Leaving Cabo San Lucas they paddled the sea of Cortez to the Colorado River via Yuma, Arizona, then paddling upstream the length of the Grand Canyon to Lees Ferry, Arizona. They continued up the Colorado River crossing the Glen Canyon dam. With special permission they were able to portage the dam via an unused tunnel then up a metal ladder to get around the dam.

The dam employees offered them numerous rides in the elevator, but they refused because they wanted to complete the trip totally with human power. From there they paddled up the Green River to South Pass Wyoming. During this paddle Steve and Verlen became separated. When they finally met again Steve was sick, so he flew home to Lansing Michigan.

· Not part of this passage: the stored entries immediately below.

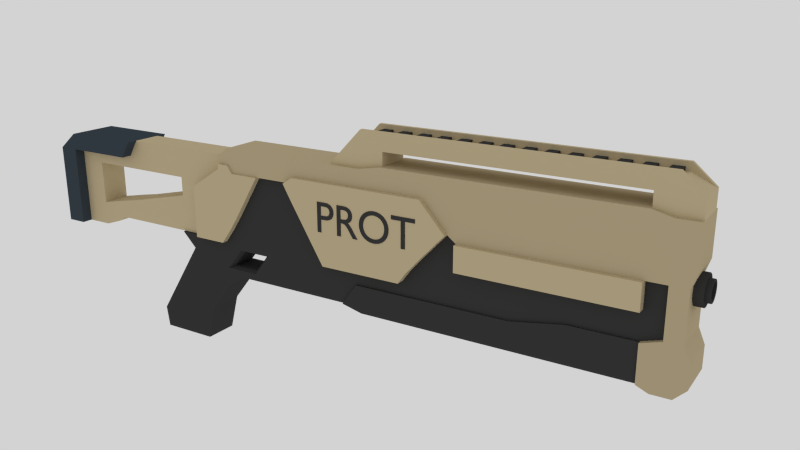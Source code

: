 # Source: prot.blend  (saved by Blender 2.73.0; exported with 4.5.12 LTS)
import bpy
from mathutils import Matrix  # noqa: F401  (used for matrix-valued properties, if any)

bpy.ops.wm.read_factory_settings(use_empty=True)
scene = bpy.context.scene
scene.name = 'Scene'

# ---- collections
col_collection_1 = bpy.data.collections.new('Collection 1'); scene.collection.children.link(col_collection_1)

# ---- materials (node trees are filled in below, after node groups)
mat_0_003 = bpy.data.materials.new('0.003')
mat_0_003.alpha_threshold = 0.0
mat_0_003.use_transparent_shadow = False
mat_0_003.diffuse_color = (0.04445, 0.04445, 0.04445, 1.0)
mat_0_003.roughness = 0.5
mat_0_003.specular_intensity = 0.0
mat_0 = bpy.data.materials.new('0')
mat_0.alpha_threshold = 0.0
mat_0.use_transparent_shadow = False
mat_0.diffuse_color = (1.0, 1.0, 1.0, 1.0)
mat_0.roughness = 0.5
mat_0.specular_intensity = 0.0
mat_0_001 = bpy.data.materials.new('0.001')
mat_0_001.alpha_threshold = 0.0
mat_0_001.use_transparent_shadow = False
mat_0_001.diffuse_color = (0.5705, 0.4687, 0.2886, 1.0)
mat_0_001.roughness = 0.5
mat_0_001.specular_intensity = 0.0
mat_0_002 = bpy.data.materials.new('0.002')
mat_0_002.alpha_threshold = 0.0
mat_0_002.use_transparent_shadow = False
mat_0_002.diffuse_color = (0.04516, 0.06016, 0.0756, 1.0)
mat_0_002.roughness = 0.5
mat_0_002.specular_intensity = 0.0
mat_0_004 = bpy.data.materials.new('0.004')
mat_0_004.alpha_threshold = 0.0
mat_0_004.use_transparent_shadow = False
mat_0_004.diffuse_color = (0.5071, 0.4169, 0.2572, 1.0)
mat_0_004.roughness = 0.5
mat_0_004.specular_intensity = 0.0

# ---- material node trees

# ---- world
world_world = bpy.data.worlds.new('World'); scene.world = world_world
world_world.color = (0.65, 0.65, 0.65)
world_world.use_sun_shadow = False
world_world.sun_shadow_jitter_overblur = 0.0
world_world.cycles.sampling_method = 'MANUAL'
world_world.cycles.sample_map_resolution = 256

# ---- cameras
cam_camera_001 = bpy.data.cameras.new('Camera.001')
cam_camera_001.clip_end = 100.0
cam_camera_001.lens = 35.0
cam_camera_001.sensor_width = 32.0
cam_camera_001.sensor_height = 18.0
cam_camera_001.display_size = 2.0
cam_camera_001.dof.focus_distance = 0.0
cam_camera_001.dof.aperture_fstop = 128.0

# ---- meshes
me_001 = bpy.data.meshes.new('Плоскость.001')
me_001.from_pydata([(-1.601, -0.8214, 0.0), (1.489, -0.8214, 0.0), (-1.601, 0.8214, 0.0), (1.489, 0.8214, 0.0), (-1.486, -0.8214, 0.0), (-1.372, -0.8214, 0.0), (-1.257, -0.8214, 0.0), (-1.143, -0.8214, 0.0), (-1.029, -0.8214, 0.0), (-0.9141, -0.8214, 0.0), (-0.7996, -0.8214, 0.0), (-0.6852, -0.8214, 0.0), (-0.5708, -0.8214, 0.0), (-0.4563, -0.8214, 0.0), (-0.3419, -0.8214, 0.0), (-0.2274, -0.8214, 0.0), (-0.113, -0.8214, 0.0), (0.001468, -0.8214, 0.0), (0.1159, -0.8214, 0.0), (0.2304, -0.8214, 0.0), (0.3448, -0.8214, 0.0), (0.4592, -0.8214, 0.0), (0.5737, -0.8214, 0.0), (0.6881, -0.8214, 0.0), (0.8026, -0.8214, 0.0), (0.917, -0.8214, 0.0), (1.031, -0.8214, 0.0), (1.146, -0.8214, 0.0), (1.26, -0.8214, 0.0), (1.375, -0.8214, 0.0), (1.375, 0.8214, 0.0), (1.26, 0.8214, 0.0), (1.146, 0.8214, 0.0), (1.031, 0.8214, 0.0), (0.917, 0.8214, 0.0), (0.8026, 0.8214, 0.0), (0.6881, 0.8214, 0.0), (0.5737, 0.8214, 0.0), (0.4592, 0.8214, 0.0), (0.3448, 0.8214, 0.0), (0.2304, 0.8214, 0.0), (0.1159, 0.8214, 0.0), (0.001469, 0.8214, 0.0), (-0.113, 0.8214, 0.0), (-0.2274, 0.8214, 0.0), (-0.3419, 0.8214, 0.0), (-0.4563, 0.8214, 0.0), (-0.5708, 0.8214, 0.0), (-0.6852, 0.8214, 0.0), (-0.7996, 0.8214, 0.0), (-0.9141, 0.8214, 0.0), (-1.029, 0.8214, 0.0), (-1.143, 0.8214, 0.0), (-1.257, 0.8214, 0.0), (-1.372, 0.8214, 0.0), (-1.486, 0.8214, 0.0), (-1.601, -0.8214, 0.05), (1.489, -0.8214, 0.05), (-1.601, 0.8214, 0.05), (1.489, 0.8214, 0.05), (-1.486, -0.8214, 0.05), (-1.372, -0.8214, 0.05), (-1.257, -0.8214, 0.05), (-1.143, -0.8214, 0.05), (-1.029, -0.8214, 0.05), (-0.9141, -0.8214, 0.05), (-0.7996, -0.8214, 0.05), (-0.6852, -0.8214, 0.05), (-0.5708, -0.8214, 0.05), (-0.4563, -0.8214, 0.05), (-0.3419, -0.8214, 0.05), (-0.2274, -0.8214, 0.05), (-0.113, -0.8214, 0.05), (0.001468, -0.8214, 0.05), (0.1159, -0.8214, 0.05), (0.2304, -0.8214, 0.05), (0.3448, -0.8214, 0.05), (0.4592, -0.8214, 0.05), (0.5737, -0.8214, 0.05), (0.6881, -0.8214, 0.05), (0.8026, -0.8214, 0.05), (0.917, -0.8214, 0.05), (1.031, -0.8214, 0.05), (1.146, -0.8214, 0.05), (1.26, -0.8214, 0.05), (1.375, -0.8214, 0.05), (1.375, 0.8214, 0.05), (1.26, 0.8214, 0.05), (1.146, 0.8214, 0.05), (1.031, 0.8214, 0.05), (0.917, 0.8214, 0.05), (0.8026, 0.8214, 0.05), (0.6881, 0.8214, 0.05), (0.5737, 0.8214, 0.05), (0.4592, 0.8214, 0.05), (0.3448, 0.8214, 0.05), (0.2304, 0.8214, 0.05), (0.1159, 0.8214, 0.05), (0.001469, 0.8214, 0.05), (-0.113, 0.8214, 0.05), (-0.2274, 0.8214, 0.05), (-0.3419, 0.8214, 0.05), (-0.4563, 0.8214, 0.05), (-0.5708, 0.8214, 0.05), (-0.6852, 0.8214, 0.05), (-0.7996, 0.8214, 0.05), (-0.9141, 0.8214, 0.05), (-1.029, 0.8214, 0.05), (-1.143, 0.8214, 0.05), (-1.257, 0.8214, 0.05), (-1.372, 0.8214, 0.05), (-1.486, 0.8214, 0.05)], [], [(81, 82, 89, 90), (79, 80, 91, 92), (77, 78, 93, 94), (75, 76, 95, 96), (73, 74, 97, 98), (71, 72, 99, 100), (69, 70, 101, 102), (67, 68, 103, 104), (65, 66, 105, 106), (63, 64, 107, 108), (61, 62, 109, 110), (56, 60, 111, 58), (85, 57, 59, 86), (83, 84, 87, 88), (7, 8, 64, 63), (8, 51, 107, 64), (37, 38, 94, 93), (36, 23, 79, 92), (29, 1, 57, 85), (15, 16, 72, 71), (16, 43, 99, 72), (45, 46, 102, 101), (23, 24, 80, 79), (50, 9, 65, 106), (1, 3, 59, 57), (24, 35, 91, 80), (53, 54, 110, 109), (31, 32, 88, 87), (42, 17, 73, 98), (9, 10, 66, 65), (10, 49, 105, 66), (55, 2, 58, 111), (39, 40, 96, 95), (34, 25, 81, 90), (17, 18, 74, 73), (18, 41, 97, 74), (47, 48, 104, 103), (25, 26, 82, 81), (48, 11, 67, 104), (26, 33, 89, 82), (0, 4, 60, 56), (4, 55, 111, 60), (33, 34, 90, 89), (40, 19, 75, 96), (11, 12, 68, 67), (12, 47, 103, 68), (32, 27, 83, 88), (41, 42, 98, 97), (19, 20, 76, 75), (54, 5, 61, 110), (20, 39, 95, 76), (49, 50, 106, 105), (27, 28, 84, 83), (46, 13, 69, 102), (28, 31, 87, 84), (5, 6, 62, 61), (6, 53, 109, 62), (35, 36, 92, 91), (38, 21, 77, 94), (13, 14, 70, 69), (14, 45, 101, 70), (30, 29, 85, 86), (43, 44, 100, 99), (21, 22, 78, 77), (52, 7, 63, 108), (2, 0, 56, 58), (22, 37, 93, 78), (51, 52, 108, 107), (3, 30, 86, 59), (44, 15, 71, 100)])
me_001.materials.append(mat_0_003)
me_001.use_remesh_preserve_volume = False
me_001.use_remesh_preserve_attributes = False
me_001.use_mirror_vertex_groups = False
me_001.update()
me_x = bpy.data.meshes.new('Окружность')
me_x.from_pydata([(0.0, 1.0, 0.0), (-0.3827, 0.9239, 0.0), (-0.7071, 0.7071, 0.0), (-0.9239, 0.3827, 0.0), (-1.0, -4.371e-08, 0.0), (-0.9239, -0.3827, 0.0), (-0.7071, -0.7071, 0.0), (-0.3827, -0.9239, 0.0), (-1.51e-07, -1.0, 0.0), (0.3827, -0.9239, 0.0), (0.7071, -0.7071, 0.0), (0.9239, -0.3827, 0.0), (1.0, 1.192e-08, 0.0), (0.9239, 0.3827, 0.0), (0.7071, 0.7071, 0.0), (0.3827, 0.9239, 0.0), (-3.523e-08, 1.0, -0.4666), (-0.3827, 0.9239, -0.4666), (-0.7071, 0.7071, -0.4666), (-0.9239, 0.3827, -0.4666), (-1.0, -4.371e-08, -0.4666), (-0.9239, -0.3827, -0.4666), (-0.7071, -0.7071, -0.4666), (-0.3827, -0.9239, -0.4666), (-1.862e-07, -1.0, -0.4666), (0.3827, -0.9239, -0.4666), (0.7071, -0.7071, -0.4666), (0.9239, -0.3827, -0.4666), (1.0, 1.192e-08, -0.4666), (0.9239, 0.3827, -0.4666), (0.7071, 0.7071, -0.4666), (0.3827, 0.9239, -0.4666), (-6.946e-10, 1.42, -0.4666), (-0.5436, 1.312, -0.4666), (-1.004, 1.004, -0.4666), (-1.312, 0.5436, -0.4666), (-1.42, -6.679e-08, -0.4666), (-1.312, -0.5436, -0.4666), (-1.004, -1.004, -0.4666), (-0.5436, -1.312, -0.4666), (-2.152e-07, -1.42, -0.4666), (0.5436, -1.312, -0.4666), (1.004, -1.004, -0.4666), (1.312, -0.5436, -0.4666), (1.42, 1.224e-08, -0.4666), (1.312, 0.5436, -0.4666), (1.004, 1.004, -0.4666), (0.5436, 1.312, -0.4666), (-6.991e-08, 1.42, -1.383), (-0.5436, 1.312, -1.383), (-1.004, 1.004, -1.383), (-1.312, 0.5436, -1.383), (-1.42, -6.679e-08, -1.383), (-1.312, -0.5436, -1.383), (-1.004, -1.004, -1.383), (-0.5436, -1.312, -1.383), (-2.844e-07, -1.42, -1.383), (0.5436, -1.312, -1.383), (1.004, -1.004, -1.383), (1.312, -0.5436, -1.383), (1.42, 1.224e-08, -1.383), (1.312, 0.5436, -1.383), (1.004, 1.004, -1.383), (0.5436, 1.312, -1.383), (-7.859e-09, 0.789, 1.323e-22), (-0.3019, 0.729, -1.36e-15), (-0.5579, 0.5579, -2.512e-15), (-0.729, 0.3019, -3.282e-15), (-0.789, -3.213e-08, -3.553e-15), (-0.729, -0.3019, -3.282e-15), (-0.5579, -0.5579, -2.512e-15), (-0.3019, -0.729, -1.36e-15), (-1.27e-07, -0.789, -4.041e-22), (0.3019, -0.729, 1.36e-15), (0.5579, -0.5579, 2.512e-15), (0.729, -0.3019, 3.282e-15), (0.789, 1.177e-08, 3.553e-15), (0.729, 0.3019, 3.282e-15), (0.5579, 0.5579, 2.512e-15), (0.3019, 0.729, 1.36e-15), (-9.731e-08, 0.789, -1.185), (-0.3019, 0.729, -1.185), (-0.5579, 0.5579, -1.185), (-0.729, 0.3019, -1.185), (-0.789, -3.213e-08, -1.185), (-0.729, -0.3019, -1.185), (-0.5579, -0.5579, -1.185), (-0.3019, -0.729, -1.185), (-2.165e-07, -0.789, -1.185), (0.3019, -0.729, -1.185), (0.5579, -0.5579, -1.185), (0.729, -0.3019, -1.185), (0.789, 1.177e-08, -1.185), (0.729, 0.3019, -1.185), (0.5579, 0.5579, -1.185), (0.3019, 0.729, -1.185)], [], [(3, 4, 68, 67), (18, 17, 33, 34), (3, 19, 20, 4), (14, 30, 31, 15), (1, 17, 18, 2), (12, 28, 29, 13), (10, 26, 27, 11), (8, 24, 25, 9), (6, 22, 23, 7), (4, 20, 21, 5), (15, 31, 16, 0), (2, 18, 19, 3), (13, 29, 30, 14), (0, 16, 17, 1), (11, 27, 28, 12), (9, 25, 26, 10), (7, 23, 24, 8), (5, 21, 22, 6), (29, 28, 44, 45), (27, 26, 42, 43), (25, 24, 40, 41), (23, 22, 38, 39), (21, 20, 36, 37), (16, 31, 47, 32), (19, 18, 34, 35), (30, 29, 45, 46), (17, 16, 32, 33), (28, 27, 43, 44), (26, 25, 41, 42), (24, 23, 39, 40), (22, 21, 37, 38), (20, 19, 35, 36), (31, 30, 46, 47), (35, 34, 50, 51), (46, 45, 61, 62), (33, 32, 48, 49), (44, 43, 59, 60), (42, 41, 57, 58), (40, 39, 55, 56), (38, 37, 53, 54), (36, 35, 51, 52), (47, 46, 62, 63), (34, 33, 49, 50), (45, 44, 60, 61), (43, 42, 58, 59), (41, 40, 56, 57), (39, 38, 54, 55), (37, 36, 52, 53), (32, 47, 63, 48), (14, 15, 79, 78), (1, 2, 66, 65), (12, 13, 77, 76), (10, 11, 75, 74), (8, 9, 73, 72), (6, 7, 71, 70), (4, 5, 69, 68), (15, 0, 64, 79), (2, 3, 67, 66), (13, 14, 78, 77), (0, 1, 65, 64), (11, 12, 76, 75), (9, 10, 74, 73), (7, 8, 72, 71), (5, 6, 70, 69), (65, 66, 82, 81), (76, 77, 93, 92), (74, 75, 91, 90), (72, 73, 89, 88), (70, 71, 87, 86), (68, 69, 85, 84), (79, 64, 80, 95), (66, 67, 83, 82), (77, 78, 94, 93), (64, 65, 81, 80), (75, 76, 92, 91), (73, 74, 90, 89), (71, 72, 88, 87), (69, 70, 86, 85), (67, 68, 84, 83), (78, 79, 95, 94), (81, 82, 83, 84, 85, 86, 87, 88, 89, 90, 91, 92, 93, 94, 95, 80)])
me_x.materials.append(mat_0_003)
me_x.use_remesh_preserve_volume = False
me_x.use_remesh_preserve_attributes = False
me_x.use_mirror_vertex_groups = False
me_x.update()
me_x_1 = bpy.data.meshes.new('Плоскость')
me_x_1.from_pydata([(0.184, -0.25, 0.6), (-4.0, -0.25, 0.0), (3.954, -0.25, 0.0), (0.184, -0.25, 0.8), (-1.975, 4.47e-08, -0.6847), (3.954, -0.25, 0.2), (4.0, -0.25, 0.3417), (4.0, -0.25, 0.6), (4.0, -0.25, 0.8), (-4.0, -0.25, 0.2), (-4.0, -0.25, 0.3417), (-4.0, -0.25, 0.4992), (-4.0, -0.25, -0.4), (-4.0, -0.25, -0.1785), (0.184, -0.25, -0.3261), (4.023, -0.25, -0.4897), (3.954, -0.25, -0.3261), (3.954, -0.25, -0.2), (-1.741, -0.25, 0.0), (-1.858, 2.98e-08, -0.5054), (-1.741, -0.25, 0.2), (-1.741, -0.25, 0.2924), (-3.429, -0.25, 0.4992), (-1.333, -0.25, 0.5566), (-1.198, -0.25, 0.6131), (-1.22, -0.25, 0.8), (-1.22, -0.25, -0.1745), (-1.741, -0.25, -0.2), (-1.333, -0.25, -0.3261), (-1.741, -0.25, -0.3261), (-0.9404, 0.0, -0.6337), (-4.0, -0.25, -0.469), (3.56, -0.25, -0.8), (-2.092, 7.451e-08, -0.8639), (-2.409, 1.043e-07, -1.646), (-1.721, 1.043e-07, -1.646), (-1.606, 4.47e-08, -1.22), (-1.333, 0.0, -0.8792), (3.56, -0.25, -0.08212), (2.857, -0.25, -0.08212), (2.286, -0.25, -0.08212), (1.714, -0.25, -0.08212), (0.8362, 0.0, 1.0), (1.714, 0.0, 1.0), (3.56, -0.25, 0.2), (2.857, -0.25, 0.2), (2.286, -0.25, 0.2), (1.714, -0.25, 0.2), (3.56, -0.25, 0.3417), (2.857, -0.25, 0.3417), (2.286, -0.25, 0.3417), (1.714, -0.25, 0.3417), (3.56, -0.25, 0.6), (2.857, -0.25, 0.6), (2.286, -0.25, 0.6), (1.714, -0.25, 0.6), (0.8362, -0.25, 0.6), (0.5714, -0.25, 0.6), (3.56, -0.25, 0.8511), (2.857, -0.25, 0.8511), (2.286, -0.25, 0.8511), (1.714, -0.25, 0.8511), (0.8362, -0.25, 0.8511), (0.5714, -0.25, 0.8), (4.0, 0.0, 1.0), (0.5714, -0.25, -0.3261), (0.8362, -0.25, -0.3261), (3.56, -0.25, -0.3909), (3.772, -0.25, -0.2), (3.772, -0.25, -0.3261), (3.772, -0.25, -0.4897), (3.689, -0.25, -0.8557), (3.772, -0.25, 0.0), (2.286, 0.0, 1.0), (3.772, -0.25, 0.2), (3.772, -0.25, 0.3417), (3.772, -0.25, 0.6), (3.772, -0.25, 0.8), (-1.333, -0.25, 0.7), (-2.759, -0.25, 0.7), (-3.429, -0.25, 0.7), (-2.034, -0.0004239, 0.7), (-1.741, -0.0004239, 0.7), (-0.7815, -0.25, 0.5233), (-0.3803, -0.25, 0.5233), (-0.7815, -0.25, 0.8), (-0.3803, -0.25, 0.8), (-0.9193, 0.0, -0.7399), (-2.444, 1.49e-07, -1.402), (-1.271, 0.0, -0.6324), (-0.1906, -0.25, 0.2), (-0.2758, -0.25, 0.3417), (-0.07043, -0.25, 0.0), (0.04978, -0.25, -0.2), (0.1256, -0.25, -0.3261), (-0.6495, 0.0, -0.7399), (-0.2632, -0.25, 0.6), (-0.2637, -0.25, 0.8), (-1.333, -0.25, 0.6131), (-1.134, -0.25, 0.5233), (1.079, 0.0, -0.8), (1.349, -0.25, 0.0), (1.321, -0.25, 0.6), (1.321, -0.25, 0.8511), (1.613, 0.0, -0.8), (1.613, -0.25, 0.278), (1.613, -0.25, 0.3417), (1.613, -0.25, 0.6), (1.613, -0.25, 0.8511), (1.554, -0.25, 0.3417), (1.321, 0.0, -0.8), (1.079, -0.25, 0.6), (1.079, -0.25, 0.8511), (1.079, -0.25, -0.3261), (1.17, -0.25, -0.2), (-1.102, -0.25, 0.0), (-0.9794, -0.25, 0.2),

From South Pass Wyoming it was a 68-mile portage over the continental divide, so Verlen was solo and performing the portage in shifts carrying the gear and then returning for the boat. During this period, his canoe turned up missing. The police put out a bulletin and some local churches were praying for his boat to turn up.

His Friend Valerie Fons was in Montana practicing for the AuSable River race. Valerie came to rescue with a replacement boat. As Valerie was returning him to the spot to begin his portage again, a truck passed with his stolen canoe strapped on top. A chase ensued where the police intervened and were able to get the canoe returned to him. Steve returned and was able to continue the portage for the final leg of the trip.

At the end of the portage, they were again paddling on the Wind River which turned into the Big Horn River. They joined the Yellowstone River near Big Horn Montana where they paddled back to the Missouri River to the Garrison Dam, from here he paddled and portaged up the Souris River to Manitoba then following the border route returning to the Great Lakes. Paddling down Lake Michigan to the Grande River and paddled upstream to end the 28,000-mile trip in his hometown Lansing Michigan.

In later years, Verlen and Valerie would paddle from the Artic Ocean to the south end of South America, an 18,100-mile adventure.